Elevation map of Antarctica. Credits: ESRI

Elevation map of Antarctica. Credits: University of Minnesota

A great interactive map of Antarctica has been published that shows the elevation of Antarctica and its research stations. The map shows elevation data of the terrain down to eight meters. Made by a team from the University of Minnesota, USA, you can read more about how it was made in their blog or jump right in and try to find Concordia research station.

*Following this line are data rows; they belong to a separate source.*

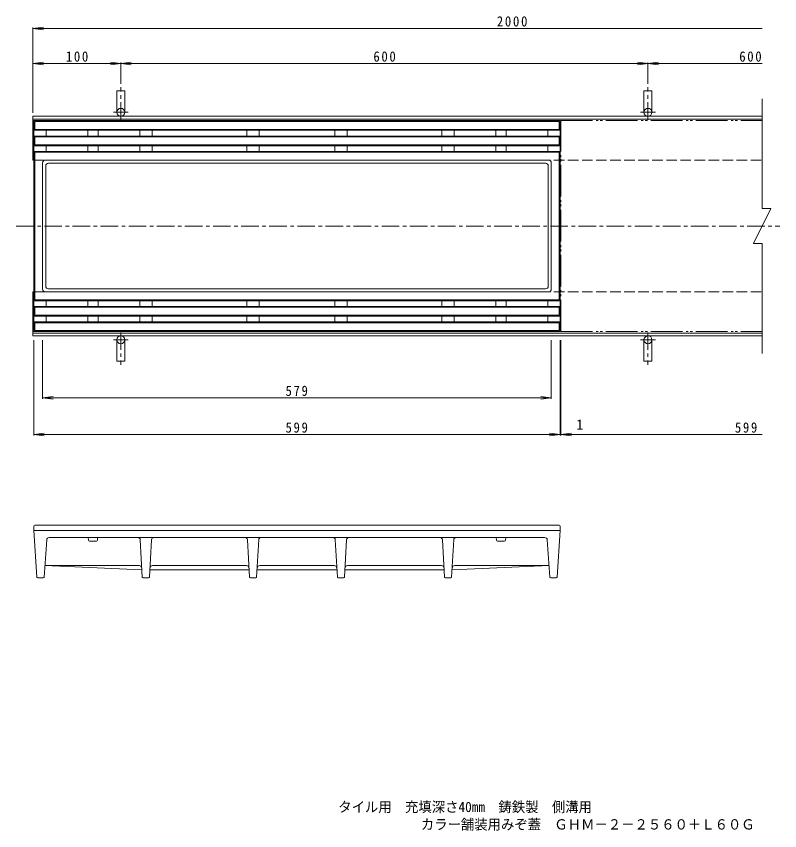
# Model space of a CAD drawing. Units: millimetres, scale not verified. Extents: x -701 to 708, y -548 to 379.
# Drawn here: x -701 to 168, y -548 to 379 of the extents above; entities that cross this region are included whole.
import ezdxf
from ezdxf.enums import TextEntityAlignment as Align

# ---------------------------------------------------------------- set-up
doc = ezdxf.new("R2010")
doc.units = ezdxf.units.MM
doc.header["$LTSCALE"] = 4
for name, pattern in [('CHAIN1', [8, 5, -1, 1, -1]), ('DASHED3', [4, 3, -1]), ('DOUBLE_CHAIN2', [12.8, 9, -1, 0.6, -0.6, 0.6, -1])]:
    doc.linetypes.add(name, pattern=pattern)
for name, color, linetype, lineweight in [('0-0_通り芯', 3, 'Continuous', 9), ('0-1_躯体', 2, 'Continuous', 9), ('0-F', 7, 'Continuous', 9)]:
    doc.layers.add(name, color=color, linetype=linetype, lineweight=lineweight)
doc.layers.add('F-5_F-5ﾚｲﾔ', color=3, linetype='Continuous')
doc.styles.add('ＭＳ ゴシック', font='')
doc.styles.get('ＭＳ ゴシック').set_extended_font_data('MS Gothic')

msp = doc.modelspace()

# ---------------------------------------------------------------- linework, layer by layer
at = {"layer": '0-0_通り芯'}
for p, q in [((-681.131, 260.286), (-82.131, 260.286)), ((-681.131, 20.286), (-681.131, 260.286)), ((-82.131, 20.286), (-82.131, 260.286)), ((-680.131, 259.286), (-83.131, 259.286)), ((-680.131, 250.286), (-680.131, 259.286)), ((-83.131, 250.286), (-83.131, 259.286)), ((-681.131, 249.286), (-82.131, 249.286)), ((-681.131, 242.786), (-82.131, 242.786)), ((-680.131, 250.286), (-83.131, 250.286)), ((-680.131, 241.786), (-83.131, 241.786)), ((-680.131, 232.786), (-680.131, 241.786)), ((-667.131, 242.786), (-667.131, 249.286)), ((-619.881, 249.286), (-619.881, 242.786)), ((-607.881, 249.286), (-607.881, 242.786)), ((-560.631, 242.786), (-560.631, 249.286)), ((-546.631, 242.786), (-546.631, 249.286)), ((-438.631, 242.786), (-438.631, 249.286)), ((-424.631, 242.786), (-424.631, 249.286)), ((-338.631, 242.786), (-338.631, 249.286)), ((-324.631, 242.786), (-324.631, 249.286)), ((-216.631, 242.786), (-216.631, 249.286)), ((-202.631, 242.786), (-202.631, 249.286)), ((-155.381, 249.286), (-155.381, 242.786)), ((-143.381, 249.286), (-143.381, 242.786)), ((-96.131, 242.786), (-96.131, 249.286)), ((-83.131, 232.786), (-83.131, 241.786)), ((-681.131, 231.786), (-82.131, 231.786)), ((-680.131, 232.786), (-83.131, 232.786)), ((-667.131, 225.286), (-667.131, 231.786)), ((-619.881, 231.786), (-619.881, 225.286)), ((-607.881, 231.786), (-607.881, 225.286)), ((-560.631, 225.286), (-560.631, 231.786)), ((-546.631, 225.286), (-546.631, 231.786)), ((-438.631, 225.286), (-438.631, 231.786)), ((-424.631, 225.286), (-424.631, 231.786)), ((-338.631, 225.286), (-338.631, 231.786)), ((-324.631, 225.286), (-324.631, 231.786)), ((-216.631, 225.286), (-216.631, 231.786)), ((-202.631, 225.286), (-202.631, 231.786)), ((-155.381, 231.786), (-155.381, 225.286)), ((-143.381, 231.786), (-143.381, 225.286)), ((-96.131, 225.286), (-96.131, 231.786)), ((-681.131, 225.286), (-82.131, 225.286)), ((-680.131, 224.286), (-83.131, 224.286)), ((-680.131, 56.286), (-680.131, 224.286)), ((-83.131, 56.286), (-83.131, 224.286)), ((-668.131, 215.286), (-95.131, 215.286)), ((-671.131, 68.286), (-671.131, 212.286)), ((-667.631, 71.786), (-667.631, 208.786)), ((-664.631, 211.786), (-98.631, 211.786)), ((-95.631, 71.786), (-95.631, 208.786)), ((-92.131, 68.286), (-92.131, 212.286)), ((-95.131, 65.286), (-668.131, 65.286)), ((-98.631, 68.786), (-664.631, 68.786)), ((-83.131, 56.286), (-680.131, 56.286)), ((-82.131, 55.286), (-681.131, 55.286)), ((-82.131, 48.786), (-681.131, 48.786)), ((-83.131, 47.786), (-680.131, 47.786)), ((-680.131, 47.786), (-680.131, 38.786)), ((-667.131, 55.286), (-667.131, 48.786)), ((-619.881, 48.786), (-619.881, 55.286)), ((-607.881, 48.786), (-607.881, 55.286)), ((-560.631, 55.286), (-560.631, 48.786)), ((-546.631, 55.286), (-546.631, 48.786)), ((-438.631, 55.286), (-438.631, 48.786)), ((-424.631, 55.286), (-424.631, 48.786)), ((-338.631, 55.286), (-338.631, 48.786)), ((-324.631, 55.286), (-324.631, 48.786)), ((-216.631, 55.286), (-216.631, 48.786)), ((-202.631, 55.286), (-202.631, 48.786)), ((-155.381, 48.786), (-155.381, 55.286)), ((-143.381, 48.786), (-143.381, 55.286)), ((-96.131, 55.286), (-96.131, 48.786)), ((-83.131, 47.786), (-83.131, 38.786)), ((-82.131, 37.786), (-681.131, 37.786)), ((-83.131, 38.786), (-680.131, 38.786)), ((-667.131, 37.786), (-667.131, 31.286)), ((-619.881, 31.286), (-619.881, 37.786)), ((-607.881, 31.286), (-607.881, 37.786)), ((-560.631, 37.786), (-560.631, 31.286)), ((-546.631, 37.786), (-546.631, 31.286)), ((-438.631, 37.786), (-438.631, 31.286)), ((-424.631, 37.786), (-424.631, 31.286)), ((-338.631, 37.786), (-338.631, 31.286)), ((-324.631, 37.786), (-324.631, 31.286)), ((-216.631, 37.786), (-216.631, 31.286)), ((-202.631, 37.786), (-202.631, 31.286)), ((-155.381, 31.286), (-155.381, 37.786)), ((-143.381, 31.286), (-143.381, 37.786)), ((-96.131, 37.786), (-96.131, 31.286)), ((-82.131, 31.286), (-681.131, 31.286)), ((-83.131, 30.286), (-680.131, 30.286)), ((-680.131, 30.286), (-680.131, 21.286)), ((-83.131, 30.286), (-83.131, 21.286)), ((-82.131, 20.286), (-681.131, 20.286)), ((-83.131, 21.286), (-680.131, 21.286)), ((-681.131, -201.255), (-681.131, -206.255)), ((-680.131, -200.255), (-83.131, -200.255)), ((-82.131, -201.255), (-82.131, -206.255)), ((-677.692, -259.319), (-681.131, -206.255)), ((-82.131, -206.255), (-681.131, -206.255)), ((-85.57, -259.319), (-82.131, -206.255)), ((-666.544, -217.041), (-669.565, -259.326)), ((-663.552, -214.255), (-99.71, -214.255)), ((-618.957, -217.338), (-619.214, -214.255)), ((-609.801, -218.255), (-617.961, -218.255)), ((-608.805, -217.338), (-608.548, -214.255)), ((-560.029, -217.088), (-557.683, -259.31)), ((-547.233, -217.088), (-549.579, -259.31)), ((-438.029, -217.088), (-435.683, -259.31)), ((-425.233, -217.088), (-427.579, -259.31)), ((-338.029, -217.088), (-335.683, -259.31)), ((-325.233, -217.088), (-327.579, -259.31)), ((-216.029, -217.088), (-213.684, -259.31)), ((-203.233, -217.088), (-205.579, -259.31)), ((-154.457, -217.338), (-154.714, -214.255)), ((-153.461, -218.255), (-145.301, -218.255)), ((-144.305, -217.338), (-144.048, -214.255)), ((-96.718, -217.041), (-93.697, -259.326)), ((-561.247, -246.255), (-668.631, -246.255)), ((-668.631, -246.255), (-558.142, -251.059)), ((-439.247, -246.255), (-546.015, -246.255)), ((-339.247, -246.255), (-424.015, -246.255)), ((-324.015, -246.255), (-217.247, -246.255)), ((-94.631, -246.255), (-205.12, -251.059)), ((-202.015, -246.255), (-94.631, -246.255)), ((-549.131, -251.255), (-436.131, -251.255)), ((-427.131, -251.255), (-336.131, -251.255)), ((-214.131, -251.255), (-327.131, -251.255)), ((-670.562, -260.255), (-676.694, -260.255)), ((-550.577, -260.255), (-556.685, -260.255)), ((-428.577, -260.255), (-434.685, -260.255)), ((-334.685, -260.255), (-328.577, -260.255)), ((-212.685, -260.255), (-206.577, -260.255)), ((-92.7, -260.255), (-86.568, -260.255))]:
    msp.add_line(p, q, dxfattribs=at)
at = {"layer": '0-0_通り芯', "linetype": 'DOUBLE_CHAIN2'}
for p, q in [((-81.131, 260.286), (147.869, 260.286)), ((-81.131, 20.286), (-81.131, 260.286)), ((-81.131, 20.286), (147.869, 20.286))]:
    msp.add_line(p, q, dxfattribs=at)
at = {"layer": '0-0_通り芯', "linetype": 'CHAIN1'}
msp.add_line((-701.131, 140.286), (167.869, 140.286), dxfattribs=at)
at = {"layer": '0-0_通り芯'}
for centre, radius, start, end in [((-668.131, 212.286), 3, 89.99998, 180), ((-95.131, 212.286), 3, 0, 90), ((-664.631, 208.786), 3, 89.99998, 180), ((-98.631, 208.786), 3, 0, 90), ((-668.131, 68.286), 3, 180, 270), ((-664.631, 71.786), 3, 180, 270), ((-98.631, 71.786), 3, 270, 0), ((-95.131, 68.286), 3, 270, 0), ((-680.131, -201.255), 1, 90, 180), ((-83.131, -201.255), 1, 0, 90), ((-663.552, -217.255), 3, 90, 175.91396), ((-617.961, -217.255), 1, 184.76341, 270), ((-609.801, -217.255), 1, 270, 355.23659), ((-563.024, -217.255), 3, 3.18019, 90), ((-544.238, -217.255), 3, 90, 176.81981), ((-441.024, -217.255), 3, 3.18019, 90), ((-422.237, -217.255), 3, 90, 176.81981), ((-341.025, -217.255), 3, 3.18019, 90), ((-322.238, -217.255), 3, 90, 176.81981), ((-219.024, -217.255), 3, 3.18019, 90), ((-200.238, -217.255), 3, 90, 176.81981), ((-153.461, -217.255), 1, 184.76341, 270), ((-145.301, -217.255), 1, 270, 355.23659), ((-99.71, -217.255), 3, 4.08604, 90), ((-561.247, -249.255), 3, 3.18019, 90), ((-546.015, -249.255), 3, 90, 176.81981), ((-439.247, -249.255), 3, 3.18019, 90), ((-424.015, -249.255), 3, 90, 176.81981), ((-339.247, -249.255), 3, 3.18019, 90), ((-324.015, -249.255), 3, 90, 176.81981), ((-217.247, -249.255), 3, 3.18019, 90), ((-202.015, -249.255), 3, 90, 176.81981), ((-676.694, -259.255), 1, 183.7085, 270), ((-670.562, -259.255), 1, 270, 355.91347), ((-556.685, -259.255), 1, 183.18015, 270), ((-550.577, -259.255), 1, 270, 356.81985), ((-434.685, -259.255), 1, 183.18015, 270), ((-428.577, -259.255), 1, 270, 356.81985), ((-334.685, -259.255), 1, 183.18015, 270), ((-328.577, -259.255), 1, 270, 356.81985), ((-212.685, -259.255), 1, 183.18015, 270), ((-206.577, -259.255), 1, 270, 356.81985), ((-92.7, -259.255), 1, 184.08653, 270), ((-86.568, -259.255), 1, 270, 356.2915)]:
    msp.add_arc(centre, radius, start, end, dxfattribs=at)
at = {"layer": '0-1_躯体', "linetype": 'CHAIN1'}
for p, q in [((-582.131, 261.286), (-582.131, 298.286)), ((17.869, 261.286), (17.869, 298.286)), ((-573.631, 269.786), (-590.631, 269.786)), ((26.369, 269.786), (9.369, 269.786)), ((-582.131, 19.286), (-582.131, -17.714)), ((17.869, 19.286), (17.869, -17.714)), ((-573.631, 10.786), (-590.631, 10.786)), ((26.369, 10.786), (9.369, 10.786))]:
    msp.add_line(p, q, dxfattribs=at)
at = {"layer": '0-1_躯体'}
for p, q in [((-586.631, 269.789), (-586.631, 294.286)), ((-586.631, 294.286), (-577.631, 294.286)), ((-577.631, 269.786), (-577.631, 294.286)), ((13.369, 294.286), (22.369, 294.286)), ((13.369, 269.789), (13.369, 294.286)), ((22.369, 269.786), (22.369, 294.286)), ((147.869, 160.286), (147.869, 285.286)), ((-682.131, 215.286), (-682.131, 265.286)), ((-682.131, 265.286), (147.869, 265.286)), ((-682.131, 262.086), (147.869, 262.086)), ((-682.131, 215.286), (-681.131, 215.286)), ((147.869, -4.714), (147.869, 120.286)), ((-682.131, 65.286), (-682.131, 15.286)), ((-682.131, 65.286), (-681.131, 65.286)), ((-682.131, 18.486), (147.869, 18.486)), ((-682.131, 15.286), (147.869, 15.286)), ((-586.631, 10.783), (-586.631, -13.714)), ((-577.631, 10.786), (-577.631, -13.714)), ((13.369, 10.783), (13.369, -13.714)), ((22.369, 10.786), (22.369, -13.714)), ((-586.631, -13.714), (-577.631, -13.714)), ((13.369, -13.714), (22.369, -13.714))]:
    msp.add_line(p, q, dxfattribs=at)
at = {"layer": '0-1_躯体', "linetype": 'DASHED3'}
for p, q in [((-681.131, 215.286), (147.869, 215.286)), ((-681.131, 65.286), (147.869, 65.286))]:
    msp.add_line(p, q, dxfattribs=at)
at = {"layer": '0-1_躯体'}
msp.add_lwpolyline([(147.869, 160.286), (157.869, 160.286), (137.869, 120.286), (147.869, 120.286)], dxfattribs=at)
for centre in [(-582.131, 269.786), (17.869, 269.786)]:
    msp.add_circle(centre, 4.5, dxfattribs=at)
for centre in [(-582.131, 10.786), (17.869, 10.786)]:
    msp.add_arc(centre, 4.5, 1.40329, 0, dxfattribs=at)
at = {"layer": '0-F'}
for p, q in [((-682.131, 365.286), (-670.234, 366.852)), ((-682.131, 269.286), (-682.131, 366.486)), ((-682.131, 365.286), (-670.234, 363.72)), ((-682.131, 365.286), (147.869, 365.286)), ((-682.131, 325.286), (-670.234, 326.852)), ((-682.131, 325.286), (-670.234, 323.72)), ((-682.131, 325.286), (147.869, 325.286)), ((-570.234, 323.72), (-594.028, 326.852)), ((-570.234, 326.852), (-594.028, 323.72)), ((-582.131, 302.286), (-582.131, 326.486)), ((29.766, 323.72), (5.972, 326.852)), ((29.766, 326.852), (5.972, 323.72)), ((17.869, 302.286), (17.869, 326.486)), ((-681.131, 10.286), (-681.131, -98.239)), ((-671.131, 10.286), (-671.131, -56.478)), ((-92.131, 10.286), (-92.131, -56.478)), ((-82.131, 10.286), (-82.131, -98.239)), ((-81.131, 10.286), (-81.131, -98.239)), ((-671.131, -55.278), (-659.234, -53.711)), ((-671.131, -55.278), (-92.131, -55.278)), ((-671.131, -55.278), (-659.234, -56.844)), ((-92.131, -55.278), (-104.028, -53.711)), ((-92.131, -55.278), (-104.028, -56.844)), ((-681.131, -97.039), (-669.234, -95.473)), ((-681.131, -97.039), (-669.234, -98.605)), ((-681.131, -97.039), (147.869, -97.039)), ((-82.131, -97.039), (-94.028, -95.473)), ((-82.131, -97.039), (-94.028, -98.605)), ((-81.131, -97.039), (-69.234, -95.473)), ((-81.131, -97.039), (-69.234, -98.605))]:
    msp.add_line(p, q, dxfattribs=at)

# ---------------------------------------------------------------- texts
at = {"layer": '0-F', "color": 2, "style": 'ＭＳ ゴシック'}
msp.add_text('1', height=11.73, dxfattribs=at).set_placement((-63.702, -95.039), align=Align.BOTTOM_LEFT)
at = {"layer": '0-F', "color": 2, "char_height": 11.73, "attachment_point": 7, "style": 'ＭＳ ゴシック'}
for s, insert in [('\\T1.28;\\W0.9;2000', (-154.113, 367.286)), ('\\T1.27;\\W0.9;100', (-644.631, 327.286)), ('\\T1.27;\\W0.9;600', (-294.631, 327.286)), ('\\T1.27;\\W0.9;600', (121.869, 327.286)), ('\\T1.27;\\W0.9;579', (-394.631, -53.278)), ('\\T1.27;\\W0.9;599', (-394.631, -95.039)), ('\\T1.27;\\W0.9;599', (116.896, -95.039))]:
    msp.add_mtext(s, dxfattribs=dict(at, insert=insert))
at = {"layer": 'F-5_F-5ﾚｲﾔ', "style": 'ＭＳ ゴシック', "width": 0.95}
for s, p in [('タイル用\u3000充填深さ40㎜\u3000鋳鉄製\u3000側溝用', (-334.623, -530.362)), ('カラー舗装用みぞ蓋\u3000ＧＨＭ－２－２５６０＋Ｌ６０Ｇ', (-240.623, -550.219))]:
    msp.add_text(s, height=11.73, dxfattribs=at).set_placement(p, align=Align.BOTTOM_LEFT)

doc.saveas('drawing.dxf')

The map was constructed from hundreds of thousands of individual stereoscopic Digital Elevation Models extracted from pairs of submeter resolution DigitalGlobe satellite imagery, including data from WorldView-1, WorldView-2, and WorldView-3 acquired between 2009 and 2017, with most collected in 2015 and 2016. Each individual model was vertically registered to satellite altimetry measurements from ESA’s CryoSat and NASA’s ICESat satellite missions.

Concordia is a joint French-Italian inland Antarctic research station run by the French Polar Institute and Italian Antarctic Programme. Every year it hosts a human research protocol coordinated by ESA and Concordia partners, supplied by universities and research institutions from across Europe.

Dark night. Credits: ESA/IPEV/PNRA-B. Healey

As well as offering around 9 months of complete isolation, Concordia is located at around 3200 metres altitude, so the crew has to adapt to chronic hypobaric hypoxia – they live with a third less oxygen than is available at sea level.

During the Antarctic winter, the crew endures 4 months of complete darkness: the sun disappears from the beginning of May, and is not seen again until late August.

Living in isolation with a European crew of 13 and in the world’s most extreme environment creates an ideal opportunity to conduct research into the adaptation of human psychology and physiology.